Montage ist auch unfummelig, oben wird die Tachohalterung ausgetauscht, unten der Sensor. Sigma gibt max 5mm Abstand des Sensor zum Magnet an der Felge an, bei mir war es etwas mehr, was aber auch nicht geschadet hat.

Die Übertragung hat auch auf Anhieb einwandfrei funktioniert. 
Die Befestigung hat ein paar felsige Abfahrten ohne Verrutschen oder so überstanden.

Einziges mögliches Problem: Der Sensor wird nur durch ein einziges Gummi befestigt, wenn sich das (z.b. nach Kontakt mit Stein, Baum, bei Sturz etc) auflöst fliegt der Sensor weg.
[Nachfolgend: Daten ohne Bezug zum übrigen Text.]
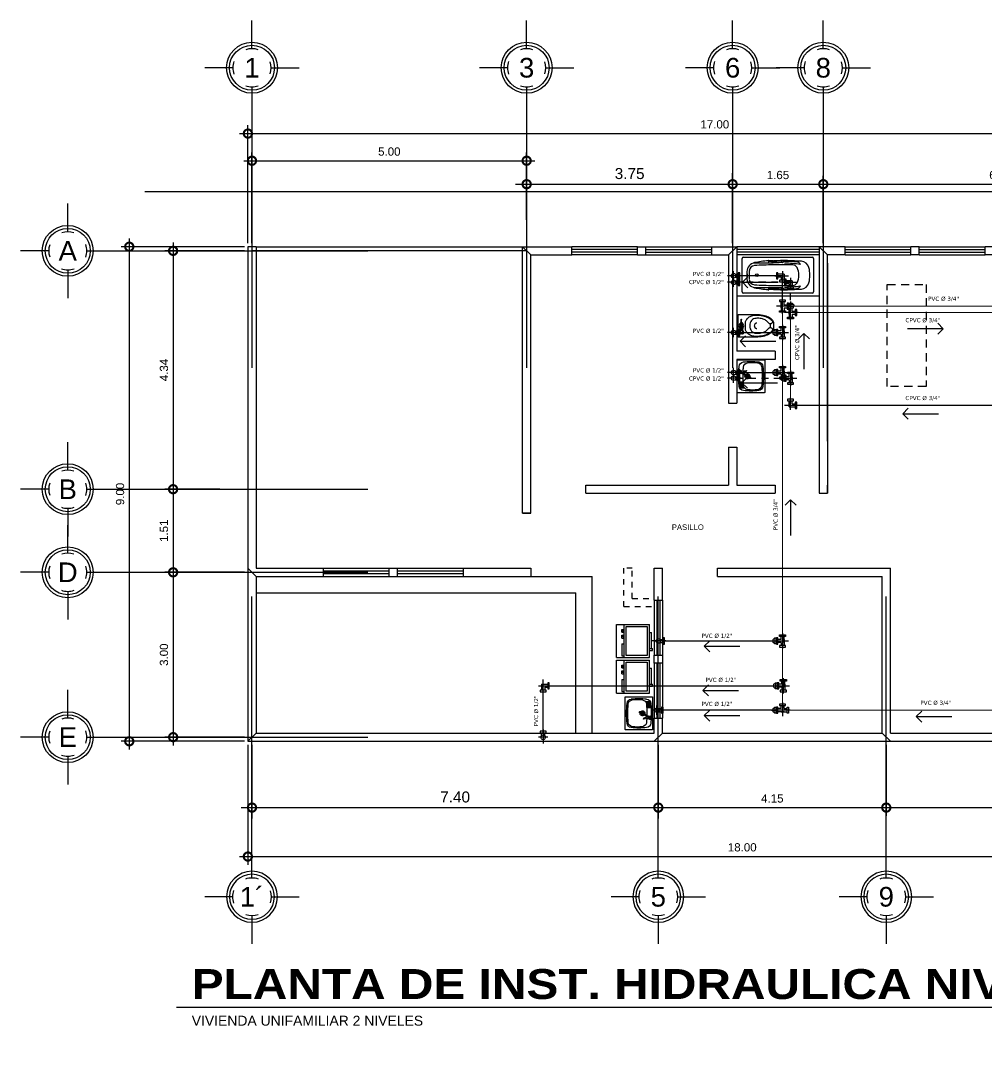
# Model space of a CAD drawing. Header units: inches. Extents: x -370 to 18, y -197 to 199.
# Drawn here: x -319.67 to -302.09, y -60.23 to -41.52 of the extents above; entities that cross this region are included whole.
import ezdxf
from ezdxf.enums import TextEntityAlignment as Align

# ---------------------------------------------------------------- set-up
doc = ezdxf.new("R2010")
doc.units = ezdxf.units.IN
doc.header["$MEASUREMENT"] = 0
doc.header["$PDMODE"] = 34
doc.header["$PDSIZE"] = 0.2
for name, pattern in [('CENTER2', [28.575, 19.05, -3.175, 3.175, -3.175]), ('DASHED', [0.75, 0.5, -0.25]), ('DASHED2', [0.375, 0.25, -0.125])]:
    doc.linetypes.add(name, pattern=pattern)
for name, color, linetype in [('artefactos', 1, 'Continuous'), ('aux2', 194, 'Continuous'), ('MUEBLES', 7, 'Continuous'), ('PVC_PL', 2, 'Continuous'), ('sanitarios', 9, 'Continuous'), ('Simbologia', 7, 'Continuous')]:
    doc.layers.add(name, color=color, linetype=linetype)
doc.styles.add('1', font='arial.ttf')
doc.styles.add('2', font='')
doc.styles.get("Standard").update_dxf_attribs({"font": 'arial.ttf'})
doc.styles.add('VERDANA2', font='verdana.ttf')
doc.styles.get('2').set_extended_font_data('Arial Black')
doc.dimstyles.new('E100', dxfattribs={"dimtxt": 0.15, "dimasz": 0.15, "dimexe": 0.15, "dimexo": 0.0625, "dimgap": 0.09, "dimtad": 1, "dimzin": 0, "dimdsep": 46, "dimtxsty": 'Standard', "dimblk": 'DOTSMALL', "dimcen": 0.09, "dimdle": 0.15, "dimclrd": 1, "dimclre": 1, "dimclrt": 2, "dimazin": 0, "dimtfac": 1, "dimtofl": 0, "dimtmove": 1, "dimatfit": 1, "dimldrblk": 'OPEN90', "dimfxl": 1, "dimtolj": 1, "dimtzin": 0, "dimarcsym": 0})

# ---------------------------------------------------------------- blocks, each defined once
blk = doc.blocks.new('lava_pl')
at = {"layer": 'artefactos'}
for p, q in [((-0.6, 0.6), (-0.6, 0)), ((-0.6, 0.6), (0, 0.6)), ((0, 0.6), (0, 0)), ((-0.6, 0.461), (0, 0.461)), ((-0.574, 0.5), (-0.574, 0.461)), ((-0.352, 0.5), (-0.574, 0.5)), ((-0.352, 0.5), (-0.352, 0.461)), ((-0.248, 0.5), (-0.196, 0.5)), ((-0.248, 0.5), (-0.248, 0.463)), ((-0.248, 0.463), (-0.196, 0.463)), ((-0.222, 0.5), (-0.222, 0.463)), ((-0.196, 0.5), (-0.196, 0.463)), ((-0.143, 0.5), (-0.091, 0.5)), ((-0.143, 0.5), (-0.143, 0.463)), ((-0.143, 0.463), (-0.091, 0.463)), ((-0.117, 0.5), (-0.117, 0.463)), ((-0.091, 0.5), (-0.091, 0.463)), ((-0.6, 0), (0, 0)), ((-0.473, 0), (-0.473, -0.055)), ((-0.439, 0), (-0.439, -0.055)), ((-0.473, -0.055), (-0.439, -0.055)), ((-0.439, 0), (-0.439, -0.04)), ((-0.439, -0.04), (-0.149, -0.04)), ((-0.149, 0), (-0.149, -0.04))]:
    blk.add_line(p, q, dxfattribs=at)
blk.add_lwpolyline([(-0.564, 0.421), (-0.037, 0.421), (-0.037, 0.04), (-0.564, 0.04)], close=True, dxfattribs=at)
blk = doc.blocks.new('lavamanos tlimpio')
at = {"layer": 'artefactos'}
for p, q in [((10.6, -10.3), (10.6, -3.5)), ((11.9, -10.4), (11.9, -3.5)), ((13.8, -10.4), (13.8, -3.7)), ((15.1, -10.6), (15.1, -3.7)), ((17, -10.7), (17, -3.9)), ((18.3, -11.1), (18.3, -3.9)), ((20.2, -11.5), (20.2, -4.8)), ((21.5, -13), (21.5, -4.8))]:
    blk.add_line(p, q, dxfattribs=at)
blk.add_lwpolyline([(30, -49.2), (30, -0.8, 0.414214), (29.2, 0), (-29.2, 0, 0.414214), (-30, -0.8), (-30, -49.2, 0.414214), (-29.2, -50), (29.2, -50, 0.414214)], format="xyb", close=True, dxfattribs=at)
for points in [[(-6.3, -2.5, 0.16165), (-7.8, -1.6), (-9.1, -0.8, 0.405288), (-11.2, -2), (-11.2, -3.5, 0.262176), (-10.5, -6.2)], [(-9.6, -4.3, 0.344116), (-9.7, -7.7), (-9.5, -8.3, -0.110943), (-9.5, -9.1), (-10.6, -16, 0.394589), (-10.1, -16.7), (-10, -16.7)], [(-6.8, -9.1, 0.076052), (-7.1, -9.7), (-9.1, -16.3, -0.394589), (-9.8, -16.8), (-10, -16.7)], [(-5.4, -7.7, 0.68313), (-7.9, -3.3)]]:
    blk.add_lwpolyline(points, format="xyb", dxfattribs=at)
for points in [[(-10.5, -6.2), (-9.9, -7.4)], [(-10.4, -3), (1.1, -23)], [(-8.6, -2), (2.9, -22)]]:
    blk.add_lwpolyline(points, dxfattribs=at)
for centre, radius, start, end in [((73, -25), 100, 171.9569, 188.0431), ((-17.1, -12.3), 9, 95.138, 171.9569), ((50, -27.8), 75, 172.9336, 187.0664), ((-16, -19.7), 8.5, 94.7912, 172.9336), ((0, -202.5), 200, 93.2141, 95.138), ((0, -210.5), 200, 92.7843, 94.7912), ((-9.5, -2.5), 1.5, 9.298, 247.8045), ((-9.5, -2.5), 1, 30, 210), ((-7.5, -5), 2.75, 152.2794, 192.5302), ((-7.5, -5), 2.75, 351.5788, 108.8589), ((0, -210.5), 200, 91.7204, 92.1195), ((0, -202.5), 200, 84.862, 91.7916), ((0, -18.5), 4.5, 136.0639, 277.5113), ((0, -210.5), 200, 85.2728, 91.0678), ((0, -18.5), 3, 144.5233, 275.4767), ((0, -18.5), 4.5, 316.1452, 110.3438), ((0, -18.5), 3, 314.5724, 105.4276), ((10.1, -10.3), 0.5, 267.0983, 0), ((11.3, -3.5), 0.65, 0, 180), ((12.4, -10.4), 0.5, 180, 266.4399), ((13.3, -10.4), 0.5, 266.1822, 0), ((14.5, -3.7), 0.65, 0, 180), ((15.6, -10.6), 0.5, 180, 265.5232), ((16.5, -10.7), 0.5, 266.4637, 0), ((16, -19.7), 8.5, 7.0664, 86.7126), ((17.7, -3.9), 0.65, 0, 180), ((17.1, -12.3), 9, 8.0431, 84.862), ((18.8, -11.1), 0.5, 180, 251.5041), ((19.7, -11.5), 0.5, 245.3398, 0), ((20.9, -4.8), 0.65, 0, 179.9999), ((22, -13), 0.5, 180, 227.7171), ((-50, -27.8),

Da er ziemlich klein ist schätze ich die Find-Chance (ausser man bemerkt es sofort) auf Null ein. Ich werde mal sehen ob sich mit einem Kabelbinder eine Art "Fangleine" basteln lässt, denn es wäre schade das praktische Teil zu verlieren

Kosten: den Tacho habe ich im Web für 23 EUR entdeckt, das Funkteil für 14,50 - im Set gehts dann noch günstiger (s.o.)

Tom

Foto:


----------



## Stimpy (19. April 2003)

Hallo!

hab mir den BC1200 zugelgt (gleich wie BC1600-nur weniger fkt.) und der hat bei mir auch mal ein paar touren im Regen  ohne probleme überstanden 
aber des funkteil ist mal ne gescheite erfindung(soll nur nicht gerade wenig strom "fressen") - gabs aber schon letztes jahr, soviel ich weiß ?!


----------



## Thomas (19. April 2003)

> _Original geschrieben von Stimpy _
> *aber des funkteil ist mal ne gescheite erfindung(soll nur nicht gerade wenig strom "fressen") - gabs aber schon letztes jahr, soviel ich weiß ?! *



Ich glaube das war auch der Vorgänger mit angeblich komplett anderer Technik - sieh Dir mal das Foto eins drüber an - so sieht das aktuelle 2003er "RDS" -Teil aus

Grüße
Tom


----------



## mankra (20. April 2003)

Beim Innenleben scheint sich seit dem 1400er nix getan zu haben.
Gehäuse und Verschluß scheinen die einzigen Mods zu sein.

Mit den kurzen Kabeln war bei Sigma schon immer so. Und das alte Funksystem funktionierte bei langen Gabeln auch nicht.


----------



## Marc T. (20. April 2003)

HI,

wo du gerade dabei bist, kannst du mal ein Bild machen von der Lenkerbefestigung beim RDS System? Auf Abbildungen sieht das Teil doch sehr klobig aus, was mich bisher vom Kauf abgehalten hat.

Dankende Grüsse,
Marc T.


----------



## MTB-News.de




----------



## Michaela (20. April 2003)

> _Original geschrieben von mankra _
> *Beim Innenleben scheint sich seit dem 1400er nix getan zu haben.
> Gehäuse und Verschluß scheinen die einzigen Mods zu sein.
> *



Nicht ganz.
Neu ist der zusätzliche Teilstrecken-Zähler für Fahrten nach dem MOSER-Guide (vor- und rückwärts).


----------



## nils (21. April 2003)

> _Original geschrieben von Thomas _
> *- Einziges mögliches Problemchen: bei meiner 130mm Gabel war die Kabellänge schon fast am Ende - wer eine Gabel mit viel Federweg benutzt könnte hier Probleme bekommen - dann gibt es aber immer noch das kabellose Set.
> *




Ein Lötkolben, ein bischen Schrumpfschlauch und etwas Kabel beseitigt das Problem sehr schnell.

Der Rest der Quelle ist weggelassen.